▶ _Supplied entries_:
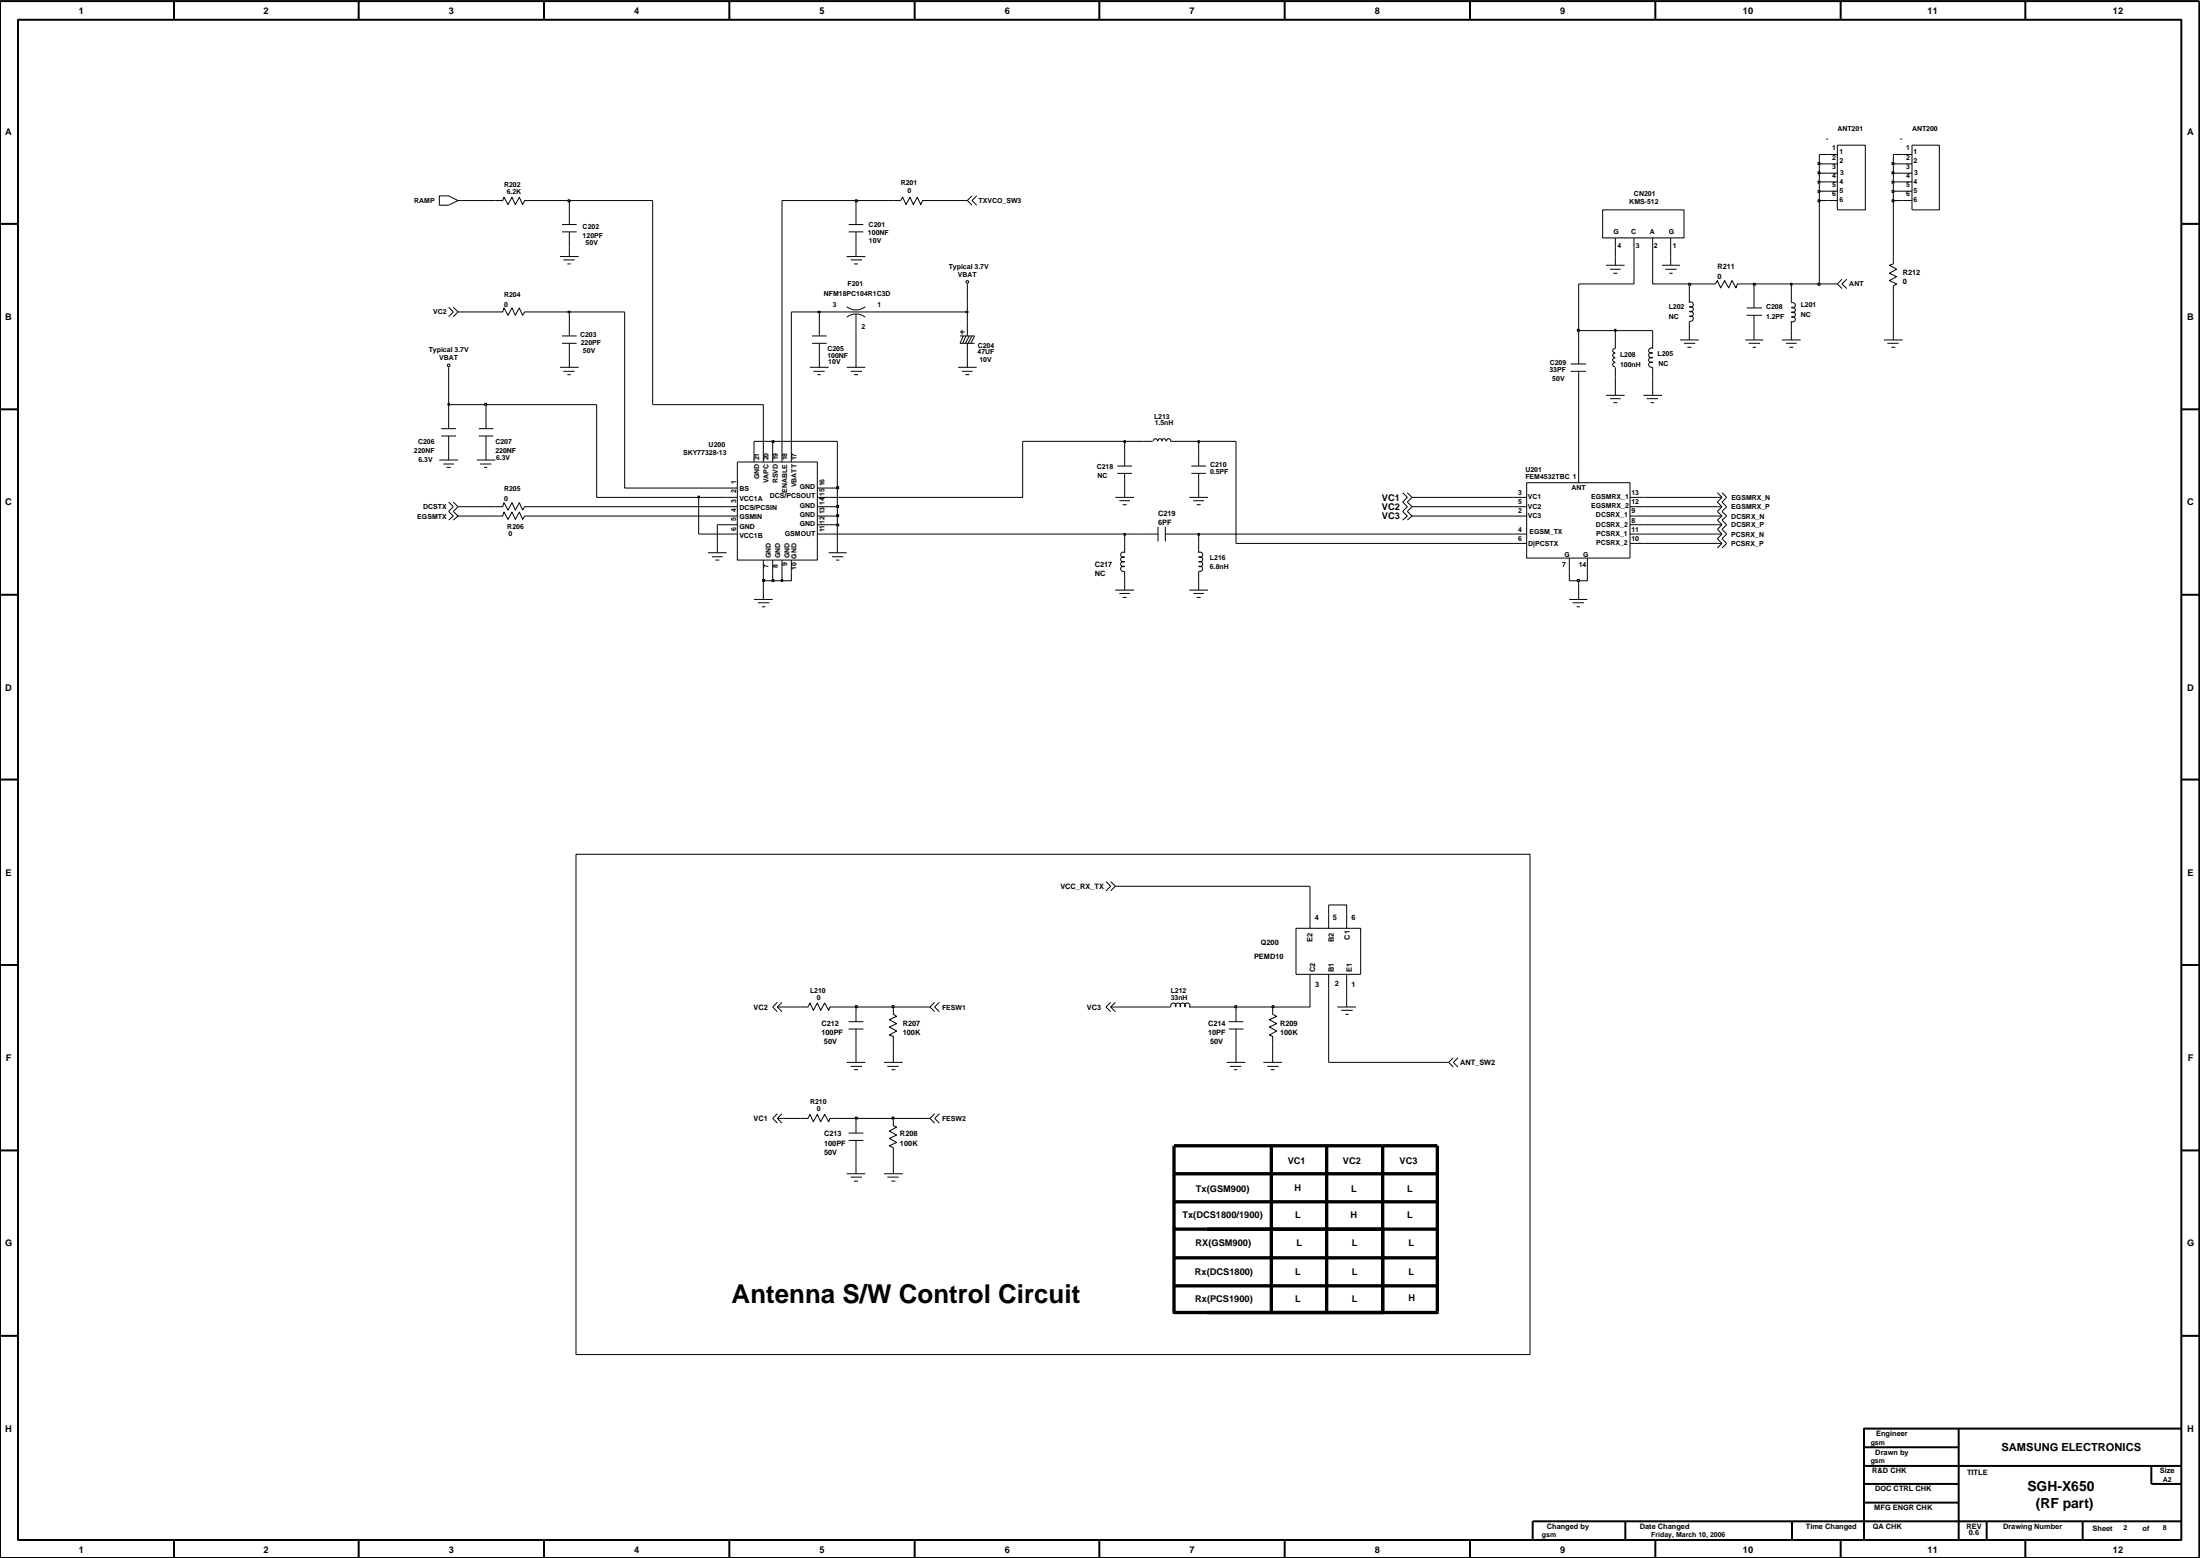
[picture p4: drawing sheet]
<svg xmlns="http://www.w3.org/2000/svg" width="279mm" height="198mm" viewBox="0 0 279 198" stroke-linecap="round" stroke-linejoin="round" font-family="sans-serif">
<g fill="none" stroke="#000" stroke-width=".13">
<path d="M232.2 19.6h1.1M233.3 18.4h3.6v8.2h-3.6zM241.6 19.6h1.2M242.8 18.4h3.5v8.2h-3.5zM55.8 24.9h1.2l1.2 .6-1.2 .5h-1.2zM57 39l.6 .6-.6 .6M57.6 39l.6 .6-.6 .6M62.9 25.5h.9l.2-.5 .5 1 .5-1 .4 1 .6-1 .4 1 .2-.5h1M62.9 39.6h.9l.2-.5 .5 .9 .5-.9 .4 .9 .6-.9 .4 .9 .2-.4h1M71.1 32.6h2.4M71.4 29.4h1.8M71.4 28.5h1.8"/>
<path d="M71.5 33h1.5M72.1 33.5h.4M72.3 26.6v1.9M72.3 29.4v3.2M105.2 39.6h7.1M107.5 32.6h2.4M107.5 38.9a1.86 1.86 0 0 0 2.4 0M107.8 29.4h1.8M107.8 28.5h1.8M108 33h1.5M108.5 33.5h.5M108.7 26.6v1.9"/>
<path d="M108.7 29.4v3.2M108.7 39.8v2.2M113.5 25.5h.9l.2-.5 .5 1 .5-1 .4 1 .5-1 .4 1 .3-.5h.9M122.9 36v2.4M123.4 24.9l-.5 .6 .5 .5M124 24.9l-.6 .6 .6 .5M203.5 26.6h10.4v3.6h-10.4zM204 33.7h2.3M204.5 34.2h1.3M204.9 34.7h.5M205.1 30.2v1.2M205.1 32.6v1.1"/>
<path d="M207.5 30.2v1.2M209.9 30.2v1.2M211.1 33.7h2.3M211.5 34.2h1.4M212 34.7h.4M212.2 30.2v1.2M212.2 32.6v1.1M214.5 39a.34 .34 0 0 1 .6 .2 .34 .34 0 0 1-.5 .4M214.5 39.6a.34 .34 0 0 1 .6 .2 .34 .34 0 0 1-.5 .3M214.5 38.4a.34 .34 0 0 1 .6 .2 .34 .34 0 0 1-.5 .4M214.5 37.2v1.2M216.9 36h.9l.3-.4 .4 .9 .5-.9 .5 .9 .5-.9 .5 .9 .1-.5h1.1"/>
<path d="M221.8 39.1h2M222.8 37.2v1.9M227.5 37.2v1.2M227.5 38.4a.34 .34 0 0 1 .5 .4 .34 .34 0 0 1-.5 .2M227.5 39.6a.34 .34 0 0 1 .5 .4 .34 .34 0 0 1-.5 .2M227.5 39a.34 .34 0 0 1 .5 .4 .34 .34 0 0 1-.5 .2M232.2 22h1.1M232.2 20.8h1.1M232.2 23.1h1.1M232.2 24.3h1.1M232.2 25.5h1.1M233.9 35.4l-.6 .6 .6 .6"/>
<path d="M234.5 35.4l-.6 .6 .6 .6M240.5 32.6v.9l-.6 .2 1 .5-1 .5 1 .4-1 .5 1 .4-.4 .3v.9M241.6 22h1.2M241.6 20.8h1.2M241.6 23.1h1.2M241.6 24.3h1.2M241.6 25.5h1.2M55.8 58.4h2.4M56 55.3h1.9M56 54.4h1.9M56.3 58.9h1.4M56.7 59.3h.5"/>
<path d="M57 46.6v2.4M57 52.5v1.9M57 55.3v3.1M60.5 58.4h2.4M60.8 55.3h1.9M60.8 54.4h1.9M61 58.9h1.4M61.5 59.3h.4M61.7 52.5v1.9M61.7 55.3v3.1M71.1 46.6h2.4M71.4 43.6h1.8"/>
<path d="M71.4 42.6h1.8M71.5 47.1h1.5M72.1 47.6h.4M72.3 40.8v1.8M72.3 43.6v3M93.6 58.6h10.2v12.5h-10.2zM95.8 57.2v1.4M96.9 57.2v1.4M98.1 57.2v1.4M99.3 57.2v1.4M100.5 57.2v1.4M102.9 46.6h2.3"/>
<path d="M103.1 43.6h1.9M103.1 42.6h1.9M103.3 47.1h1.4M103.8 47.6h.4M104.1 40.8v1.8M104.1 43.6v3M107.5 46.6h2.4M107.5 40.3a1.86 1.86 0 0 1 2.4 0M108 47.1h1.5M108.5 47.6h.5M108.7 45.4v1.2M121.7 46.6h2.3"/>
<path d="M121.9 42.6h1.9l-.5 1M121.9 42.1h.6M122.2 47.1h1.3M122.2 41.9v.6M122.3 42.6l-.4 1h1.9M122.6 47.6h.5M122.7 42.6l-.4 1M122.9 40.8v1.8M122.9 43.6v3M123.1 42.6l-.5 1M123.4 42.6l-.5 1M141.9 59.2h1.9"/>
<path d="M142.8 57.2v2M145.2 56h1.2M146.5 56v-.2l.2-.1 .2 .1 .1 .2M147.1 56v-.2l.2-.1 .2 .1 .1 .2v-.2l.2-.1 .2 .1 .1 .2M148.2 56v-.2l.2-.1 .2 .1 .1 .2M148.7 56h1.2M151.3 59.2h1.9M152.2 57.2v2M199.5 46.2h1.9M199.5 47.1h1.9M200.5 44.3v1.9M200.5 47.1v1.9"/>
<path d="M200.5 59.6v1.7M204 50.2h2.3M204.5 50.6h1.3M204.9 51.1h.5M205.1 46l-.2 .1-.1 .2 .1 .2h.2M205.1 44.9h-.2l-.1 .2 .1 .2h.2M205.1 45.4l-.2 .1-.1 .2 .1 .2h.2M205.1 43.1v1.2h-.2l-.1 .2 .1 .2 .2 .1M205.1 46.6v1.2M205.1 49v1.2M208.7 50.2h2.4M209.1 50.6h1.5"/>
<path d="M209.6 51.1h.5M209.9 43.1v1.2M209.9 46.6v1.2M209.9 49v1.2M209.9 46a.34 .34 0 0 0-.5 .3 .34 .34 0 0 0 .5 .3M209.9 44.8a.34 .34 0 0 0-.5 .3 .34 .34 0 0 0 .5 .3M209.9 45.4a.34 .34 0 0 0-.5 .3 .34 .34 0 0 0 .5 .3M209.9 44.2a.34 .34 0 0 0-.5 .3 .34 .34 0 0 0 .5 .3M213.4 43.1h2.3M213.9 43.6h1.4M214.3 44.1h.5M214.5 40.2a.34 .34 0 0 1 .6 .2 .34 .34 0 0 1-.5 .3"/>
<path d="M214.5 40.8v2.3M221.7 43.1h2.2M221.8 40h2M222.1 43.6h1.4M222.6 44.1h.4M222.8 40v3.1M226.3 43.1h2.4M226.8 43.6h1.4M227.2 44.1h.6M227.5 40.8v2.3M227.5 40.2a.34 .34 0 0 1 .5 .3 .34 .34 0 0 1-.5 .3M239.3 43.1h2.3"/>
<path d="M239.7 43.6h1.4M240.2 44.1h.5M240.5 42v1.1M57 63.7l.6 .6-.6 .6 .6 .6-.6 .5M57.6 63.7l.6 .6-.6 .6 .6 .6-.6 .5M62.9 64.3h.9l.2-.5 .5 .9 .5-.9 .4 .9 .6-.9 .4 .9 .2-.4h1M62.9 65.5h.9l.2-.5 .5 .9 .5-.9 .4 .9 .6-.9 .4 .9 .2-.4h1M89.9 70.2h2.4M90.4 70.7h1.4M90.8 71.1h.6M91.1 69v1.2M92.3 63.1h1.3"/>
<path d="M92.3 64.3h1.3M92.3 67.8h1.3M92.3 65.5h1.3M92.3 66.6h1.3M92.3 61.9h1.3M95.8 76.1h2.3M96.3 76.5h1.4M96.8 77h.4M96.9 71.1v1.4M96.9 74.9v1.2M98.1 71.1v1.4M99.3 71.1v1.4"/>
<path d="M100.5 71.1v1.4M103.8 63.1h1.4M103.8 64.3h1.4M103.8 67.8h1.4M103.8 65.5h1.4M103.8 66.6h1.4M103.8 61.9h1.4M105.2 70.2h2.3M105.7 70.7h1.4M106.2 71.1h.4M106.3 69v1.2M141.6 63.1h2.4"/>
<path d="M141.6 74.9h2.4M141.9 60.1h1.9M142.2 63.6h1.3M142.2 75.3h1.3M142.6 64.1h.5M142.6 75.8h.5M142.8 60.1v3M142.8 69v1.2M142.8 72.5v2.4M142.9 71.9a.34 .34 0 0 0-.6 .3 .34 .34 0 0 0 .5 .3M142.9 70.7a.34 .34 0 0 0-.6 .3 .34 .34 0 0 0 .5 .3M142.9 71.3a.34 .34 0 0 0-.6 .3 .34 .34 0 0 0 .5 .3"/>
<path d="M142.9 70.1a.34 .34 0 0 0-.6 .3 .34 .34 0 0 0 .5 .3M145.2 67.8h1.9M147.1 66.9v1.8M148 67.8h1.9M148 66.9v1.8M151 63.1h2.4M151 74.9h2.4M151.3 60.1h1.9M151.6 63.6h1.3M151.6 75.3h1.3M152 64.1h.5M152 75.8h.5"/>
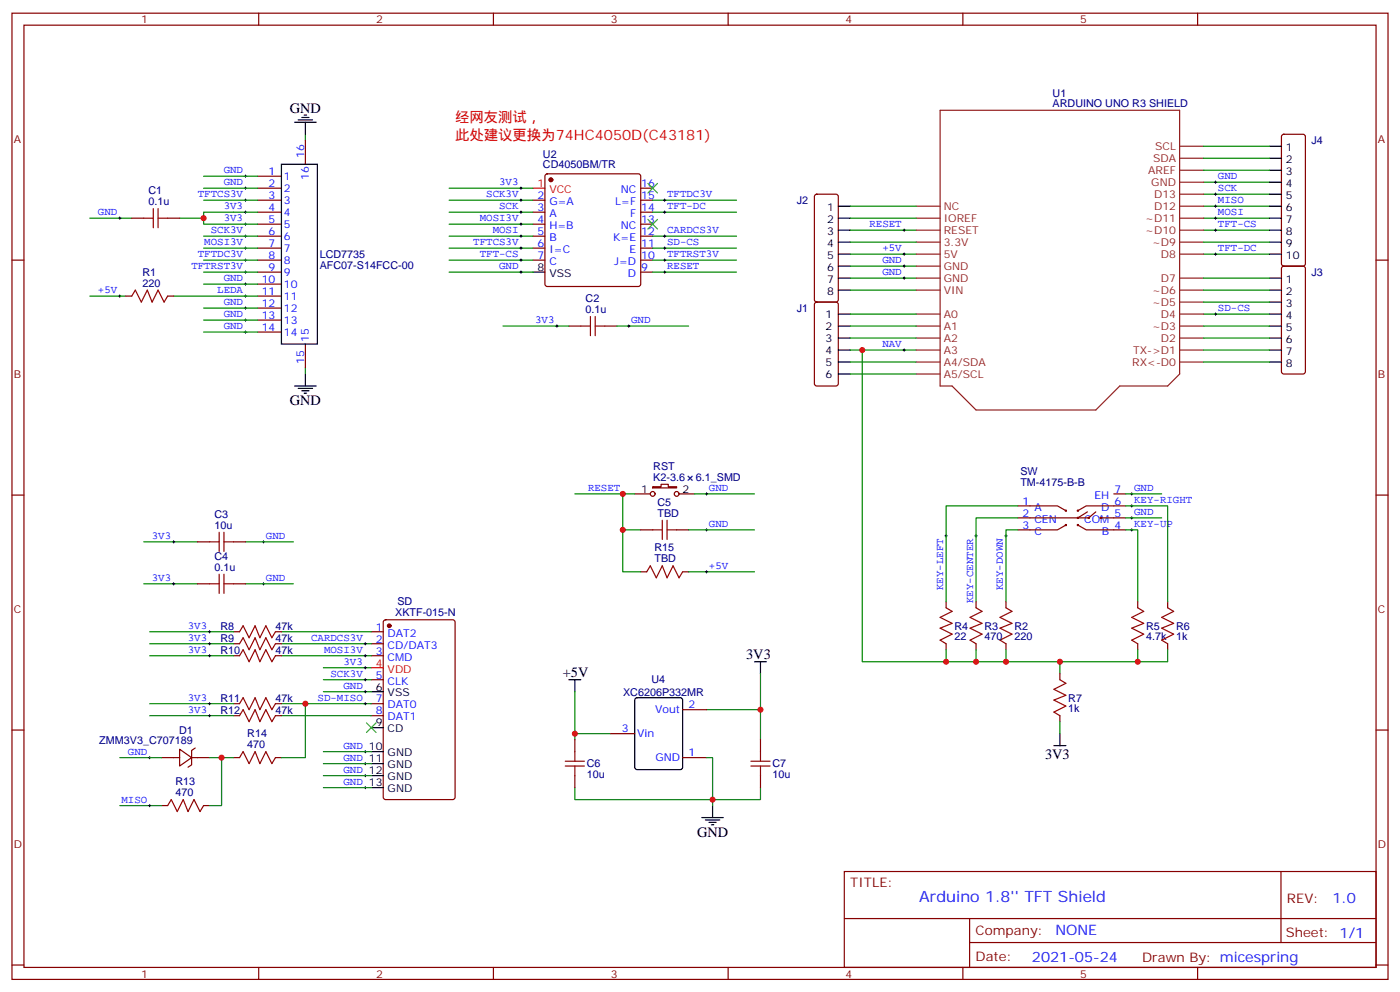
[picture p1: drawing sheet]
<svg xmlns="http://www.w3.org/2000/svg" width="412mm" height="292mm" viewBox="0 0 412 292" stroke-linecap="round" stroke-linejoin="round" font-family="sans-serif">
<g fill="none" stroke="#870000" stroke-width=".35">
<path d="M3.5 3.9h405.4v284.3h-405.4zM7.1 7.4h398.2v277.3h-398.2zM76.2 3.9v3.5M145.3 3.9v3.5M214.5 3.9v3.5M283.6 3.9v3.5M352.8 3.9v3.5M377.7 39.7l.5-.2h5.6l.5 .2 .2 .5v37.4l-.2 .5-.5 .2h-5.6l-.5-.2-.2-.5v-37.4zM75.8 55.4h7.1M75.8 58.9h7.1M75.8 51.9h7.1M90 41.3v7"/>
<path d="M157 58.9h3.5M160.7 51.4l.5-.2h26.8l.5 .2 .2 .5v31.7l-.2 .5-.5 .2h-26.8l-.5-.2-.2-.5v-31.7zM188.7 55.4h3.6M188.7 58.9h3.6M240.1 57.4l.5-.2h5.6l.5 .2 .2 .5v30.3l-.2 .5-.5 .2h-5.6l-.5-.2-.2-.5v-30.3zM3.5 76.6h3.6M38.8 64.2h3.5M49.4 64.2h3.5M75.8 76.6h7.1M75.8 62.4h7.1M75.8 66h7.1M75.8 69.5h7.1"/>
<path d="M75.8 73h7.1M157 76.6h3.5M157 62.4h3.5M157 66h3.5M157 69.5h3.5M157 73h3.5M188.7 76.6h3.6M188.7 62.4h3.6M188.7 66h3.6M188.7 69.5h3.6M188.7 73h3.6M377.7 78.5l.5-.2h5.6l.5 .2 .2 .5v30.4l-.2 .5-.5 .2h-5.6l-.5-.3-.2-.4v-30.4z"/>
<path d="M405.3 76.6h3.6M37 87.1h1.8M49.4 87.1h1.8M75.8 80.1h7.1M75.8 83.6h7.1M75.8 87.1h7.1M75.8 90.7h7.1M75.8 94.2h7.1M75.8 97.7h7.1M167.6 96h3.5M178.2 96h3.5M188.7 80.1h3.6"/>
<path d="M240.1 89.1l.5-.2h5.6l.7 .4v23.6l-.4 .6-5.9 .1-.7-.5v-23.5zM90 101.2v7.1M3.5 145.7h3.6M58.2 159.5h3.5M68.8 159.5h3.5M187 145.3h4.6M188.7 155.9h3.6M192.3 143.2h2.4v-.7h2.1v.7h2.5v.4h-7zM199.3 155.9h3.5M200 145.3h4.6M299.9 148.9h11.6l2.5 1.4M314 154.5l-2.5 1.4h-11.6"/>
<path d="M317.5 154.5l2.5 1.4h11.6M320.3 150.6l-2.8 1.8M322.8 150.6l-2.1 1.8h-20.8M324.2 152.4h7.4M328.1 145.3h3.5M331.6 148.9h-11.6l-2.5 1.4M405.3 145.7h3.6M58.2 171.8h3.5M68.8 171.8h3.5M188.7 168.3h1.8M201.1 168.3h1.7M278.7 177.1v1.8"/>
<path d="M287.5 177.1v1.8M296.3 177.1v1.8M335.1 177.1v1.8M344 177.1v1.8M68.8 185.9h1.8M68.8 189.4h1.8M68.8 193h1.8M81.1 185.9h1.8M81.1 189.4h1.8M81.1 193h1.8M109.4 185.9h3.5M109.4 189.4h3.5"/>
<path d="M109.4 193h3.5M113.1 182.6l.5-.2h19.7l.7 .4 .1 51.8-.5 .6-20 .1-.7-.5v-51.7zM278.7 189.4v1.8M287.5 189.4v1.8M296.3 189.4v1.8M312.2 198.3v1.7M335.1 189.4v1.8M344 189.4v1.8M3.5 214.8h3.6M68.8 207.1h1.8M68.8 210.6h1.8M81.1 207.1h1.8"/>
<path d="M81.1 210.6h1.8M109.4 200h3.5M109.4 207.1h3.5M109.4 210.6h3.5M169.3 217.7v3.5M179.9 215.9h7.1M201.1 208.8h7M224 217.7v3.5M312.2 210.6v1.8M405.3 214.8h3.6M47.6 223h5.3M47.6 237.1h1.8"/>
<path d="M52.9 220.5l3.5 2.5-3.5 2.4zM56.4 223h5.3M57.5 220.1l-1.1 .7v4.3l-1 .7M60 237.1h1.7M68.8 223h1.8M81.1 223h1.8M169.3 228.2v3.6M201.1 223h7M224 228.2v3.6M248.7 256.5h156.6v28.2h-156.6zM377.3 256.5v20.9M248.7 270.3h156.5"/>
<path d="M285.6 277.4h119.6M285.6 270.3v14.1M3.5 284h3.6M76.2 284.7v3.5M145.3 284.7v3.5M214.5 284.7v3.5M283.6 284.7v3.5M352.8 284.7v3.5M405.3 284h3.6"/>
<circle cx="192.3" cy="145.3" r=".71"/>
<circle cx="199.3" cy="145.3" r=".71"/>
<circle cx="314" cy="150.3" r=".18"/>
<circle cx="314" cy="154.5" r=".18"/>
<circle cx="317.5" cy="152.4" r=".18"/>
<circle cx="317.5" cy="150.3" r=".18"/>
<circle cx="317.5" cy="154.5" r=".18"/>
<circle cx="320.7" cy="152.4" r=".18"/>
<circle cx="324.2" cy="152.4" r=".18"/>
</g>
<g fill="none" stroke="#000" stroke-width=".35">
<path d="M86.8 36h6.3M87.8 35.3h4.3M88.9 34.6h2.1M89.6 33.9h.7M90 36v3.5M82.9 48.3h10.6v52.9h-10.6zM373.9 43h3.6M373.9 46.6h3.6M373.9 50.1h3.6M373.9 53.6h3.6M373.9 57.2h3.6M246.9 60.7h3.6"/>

▶ _What you will do_: Gather all lines of the records that include the word "drawing".

▶ _Solution to the problem_:
[picture p4: drawing sheet]
[picture p1: drawing sheet]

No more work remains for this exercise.